------ Material to process ------
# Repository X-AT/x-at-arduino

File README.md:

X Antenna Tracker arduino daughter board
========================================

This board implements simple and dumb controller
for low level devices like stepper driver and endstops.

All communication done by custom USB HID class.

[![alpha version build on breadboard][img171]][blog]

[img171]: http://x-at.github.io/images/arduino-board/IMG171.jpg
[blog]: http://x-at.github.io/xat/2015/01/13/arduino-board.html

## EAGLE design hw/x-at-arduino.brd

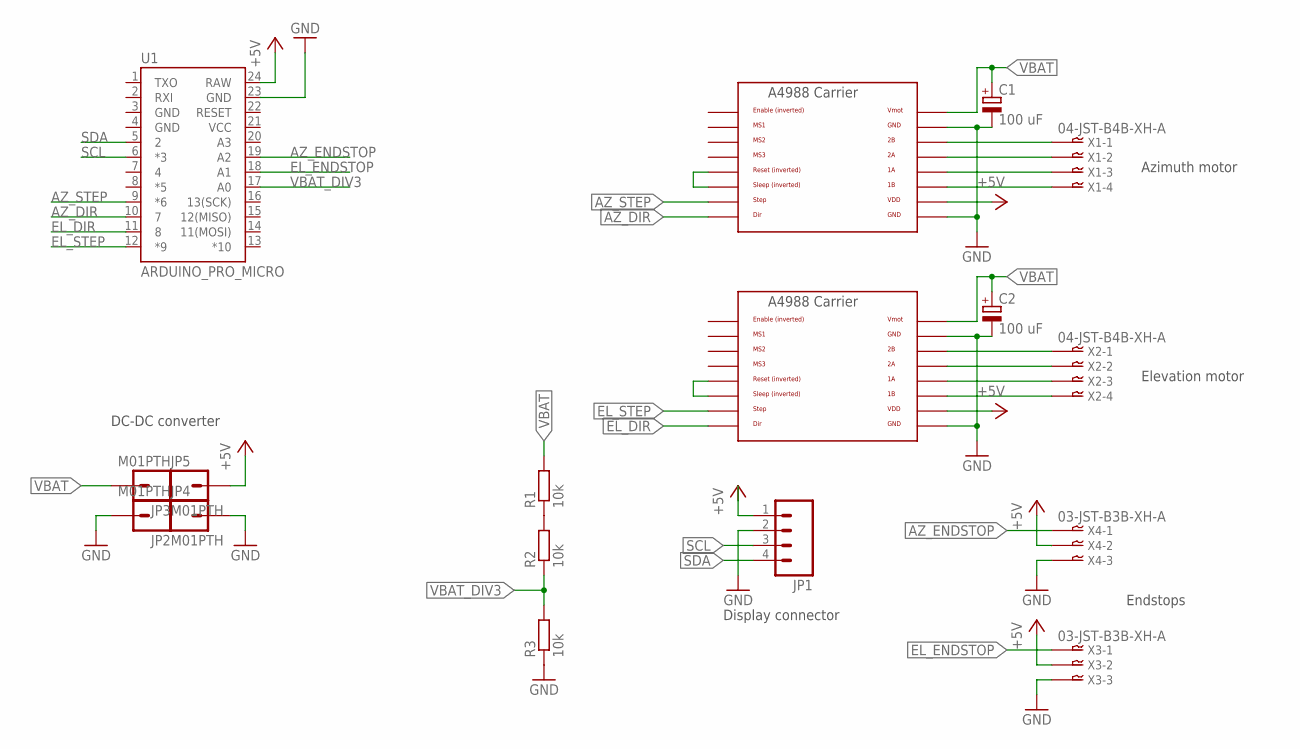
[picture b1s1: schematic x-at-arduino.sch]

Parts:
C1, C2: 100 uF; E5-6
JP1: M04PTH; 1X04
JP2, JP3, JP4, JP5: M01PTH; 1X01
R1, R2, R3: 10k; R0603
U1: ARDUINO_PRO_MICRO
U2, U3: POLOLU_A4983CARRIER; A4988BREAKOUT
X1, X2: 04-JST-B4B-XH-A; B4B-XH
X3, X4: 03-JST-B3B-XH-A; B3B-XH

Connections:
+5V: JP1.1, JP5.1, U1.24 (RAW), U2.VDD, U3.VDD, X3.P$2, X4.P$2
AZ_DIR: U1.10 (7), U2.DIR
AZ_ENDSTOP: U1.19 (A2), X4.P$1
AZ_STEP: U1.9 (*6), U2.STEP
EL_DIR: U1.11 (8), U3.DIR
EL_ENDSTOP: U1.18 (A1), X3.P$1
EL_STEP: U1.12 (*9), U3.STEP
GND: C1.-, C2.-, JP1.2, JP2.1, JP4.1, R3.1, U1.23 (GND), U2.GND, U2.GND@0 (GND), U3.GND, U3.GND@0 (GND), X3.P$3, X4.P$3
unnamed: U2.2B, X1.P$1
unnamed: U2.2A, X1.P$2
unnamed: U2.1A, X1.P$3
unnamed: U2.1B, X1.P$4
unnamed: U3.2B, X2.P$1
unnamed: U3.2A, X2.P$2
unnamed: U3.1A, X2.P$3
unnamed: U3.1B, X2.P$4
unnamed: R1.1, R2.2
unnamed: U3.RST, U3.SLP (SLEEP)
unnamed: U2.RST, U2.SLP (SLEEP)
SCL: JP1.3, U1.6 (*3)
SDA: JP1.4, U1.5 (2)
VBAT: C1.+, C2.+, JP3.1, R1.2, U2.VMOT, U3.VMOT
VBAT_DIV3: R2.1, R3.2, U1.17 (A0)

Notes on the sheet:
Display connector
Endstops
Azimuth motor
Elevation motor
DC-DC converter

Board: 2 copper layers, 17 parts (0 on the bottom side), 23 nets, no tracks yet.

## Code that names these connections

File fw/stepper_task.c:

#include "main.h"
#include "accelstepper.h"

#define EL_STEP		PB5
#define EL_DIR		PB4
#define AZ_STEP		PD7
#define AZ_DIR		PE6
#define step_pulse_delay()	_delay_us(1)

#define INIT_ACCEL	50
#define INIT_MSPEED	200

static AccelStepper_t azimuth_stepper,
		      elevation_stepper;

static void azimuth_step(AccelStepper_t *self)
{
	cbi(PORTD, AZ_STEP);

	if (self->direction == DIRECTION_CCW)
		sbi(PORTE, AZ_DIR);
	else
		cbi(PORTE, AZ_DIR);

	sbi(PORTD, AZ_STEP);
	step_pulse_delay();
	cbi(PORTD, AZ_STEP);
}

static void elevation_step(AccelStepper_t *self)
{
	cbi(PORTB, EL_STEP);

	if (self->direction == DIRECTION_CCW)
		sbi(PORTB, EL_DIR);
	else
		cbi(PORTB, EL_DIR);

	sbi(PORTB, EL_STEP);
	step_pulse_delay();
	cbi(PORTB, EL_STEP);
}

void Stepper_Task_Init(void)
{
	// GPIO setup
	cbi(PORTB, EL_STEP);
	cbi(PORTB, EL_DIR);
	sbi(DDRB, EL_STEP);
	sbi(DDRB, EL_DIR);

	cbi(PORTD, AZ_STEP);
	cbi(PORTE, AZ_DIR);
	sbi(DDRD, AZ_STEP);
	sbi(DDRE, AZ_DIR);

	AS_ObjectInit(&azimuth_stepper, azimuth_step);
	AS_ObjectInit(&elevation_stepper, elevation_step);

	AS_SetAcceleration(&azimuth_stepper, INIT_ACCEL);
	AS_SetAcceleration(&elevation_stepper, INIT_ACCEL);
	AS_SetMaxSpeed(&azimuth_stepper, INIT_MSPEED);
	AS_SetMaxSpeed(&elevation_stepper, INIT_MSPEED);
}

void Stepper_Task(void)
{
	AS_Run(&azimuth_stepper);
	AS_Run(&elevation_stepper);
}

int32_t Stepper_GetAzPosition(void)
{
	return AS_CurrentPosition(&azimuth_stepper);
}

int32_t Stepper_GetElPosition(void)
{
	return AS_CurrentPosition(&elevation_stepper);
}

uint8_t Stepper_GetFlags(void)
{
	uint8_t flags = 0;

	if (AS_DistanceToGo(&azimuth_stepper) != 0)
		flags |= FLAGS_AZ_IN_MOTION;

	if (AS_DistanceToGo(&elevation_stepper) != 0)
		flags |= FLAGS_EL_IN_MOTION;

	return flags;
}

void Stepper_GetSettings(struct XAT_Report_Stepper_Settings *settings)
{
	// Should i add accesor wrapper?
	settings->azimuth_acceleration = azimuth_stepper.acceleration;
	settings->elevation_acceleration = elevation_stepper.acceleration;
	settings->azimuth_max_speed = azimuth_stepper.max_speed;
	settings->elevation_max_speed = elevation_stepper.max_speed;
}

void Stepper_SetSettings(const struct XAT_Report_Stepper_Settings *settings)
{
	AS_SetAcceleration(&azimuth_stepper, settings->azimuth_acceleration);
	AS_SetMaxSpeed(&azimuth_stepper, settings->azimuth_max_speed);
	AS_SetAcceleration(&elevation_stepper, settings->elevation_acceleration);
	AS_SetMaxSpeed(&elevation_stepper, settings->elevation_max_speed);
}

void Stepper_SetAzEl(const struct XAT_Report_Az_El *az_el)
{
	AS_MoveTo(&azimuth_stepper, az_el->azimuth_position);
	AS_MoveTo(&elevation_stepper, az_el->elevation_position);
}

void Stepper_SetCurPosition(const struct XAT_Report_Cur_Position *cur_position)
{
	AS_SetCurrentPosition(&azimuth_stepper, cur_position->azimuth_position);
	AS_SetCurrentPosition(&elevation_stepper, cur_position->elevation_position);
}

void Stepper_Stop(bool az, bool el)
{
	if (az)
		AS_Stop(&azimuth_stepper);

	if (el)
		AS_Stop(&elevation_stepper);
}

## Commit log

2015-01-13 Import eagle files
2015-01-13 try to use Eagle description
2015-01-13 hw: readme again
2015-01-13 hw: github don't support html, try markdown
2015-01-13 hw: try not use hardlink
2015-01-14 fw: Import LUFA 140928
2015-01-14 fw: Import initial HID firmware.
    Based on GenericHID demo.
2015-01-14 fw: Initial add HID descripter generated by Dt.exe
2015-01-14 fw: Add reports for stepper and qtr.
2015-01-14 fw: Enable BAT VOLTAGE report.
2015-01-14 fw: Enable QTR report.
    I decided to replace QTR-1RC with QTR-1A (replace capacitor->resistor).
2015-01-14 fw: Port AccelStepper to C. Not tested.
    TODO: monotonic microsecond timer.
2015-01-14 fw: Import wall_time module for micros()/millis().
2015-01-14 fw: Add stepper_task module. Not tested.
2015-01-14 fw: Enable stepper reports. tested.
    accelstepper.c works like a charm.
2015-01-15 fw: Enable WDT. Fix #2
2015-01-15 fw: Add error indication on LED1.
2015-01-15 Add GPLv3 license.
2015-01-15 fw: Add git version to USB SerialNumber string.
    Prepare first repease 0.1.0.
2015-01-15 fw: Import U8glib 1.17
    This library will be used for SSD1306 OLED display.
2015-01-15 fw: Add display hello world.
2015-01-15 fw: Show usb status messages on display.
2015-01-15 fw: Add reports for setting position and stop motors
2015-01-15 fw: Add reports for display write 8, 16, 32 and 60 bytes.
    Issue #1
2015-01-15 fw #1: Implement display drawing reports.
2015-01-15 hw: Note that now used analog sensor on endstop.
2015-01-15 fw: Remove display support (breaks stepper).
    Close #1.
2015-01-15 fw: Release 0.2.0. All devices works.
2015-01-15 binary: Save firmware version 0.2.0
2015-01-17 fw: Fix IN_MOTION flags.
2015-01-17 Prepare 0.2.1 (bugfix release)
2015-01-17 binary: prebuild binary for release 0.2.1
2015-01-29 Apply my new VID/PID pair, fix version string.
    Thank to OpenMoko Inc!
2015-01-29 Add precompilled 0.3.0 version.

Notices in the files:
parts and their libraries:
SparkFun-Connectors: Licensing: Creative Commons ShareAlike 4.0 International - https://creativecommons.org/licenses/by-sa/4.0
SparkFun-Boards: Licensing: CC v3.0 Share-Alike You are welcome to use this library for commercial purposes.
------
▶ **To do**: Only the lines above from the line containing "2015-01-15 binary: Save" through the line containing "parts and their" should be retyped, exactly and with both ends included.

▶ **Solved problem**:
2015-01-15 binary: Save firmware version 0.2.0
2015-01-17 fw: Fix IN_MOTION flags.
2015-01-17 Prepare 0.2.1 (bugfix release)
2015-01-17 binary: prebuild binary for release 0.2.1
2015-01-29 Apply my new VID/PID pair, fix version string.
    Thank to OpenMoko Inc!
2015-01-29 Add precompilled 0.3.0 version.

Notices in the files:
parts and their libraries:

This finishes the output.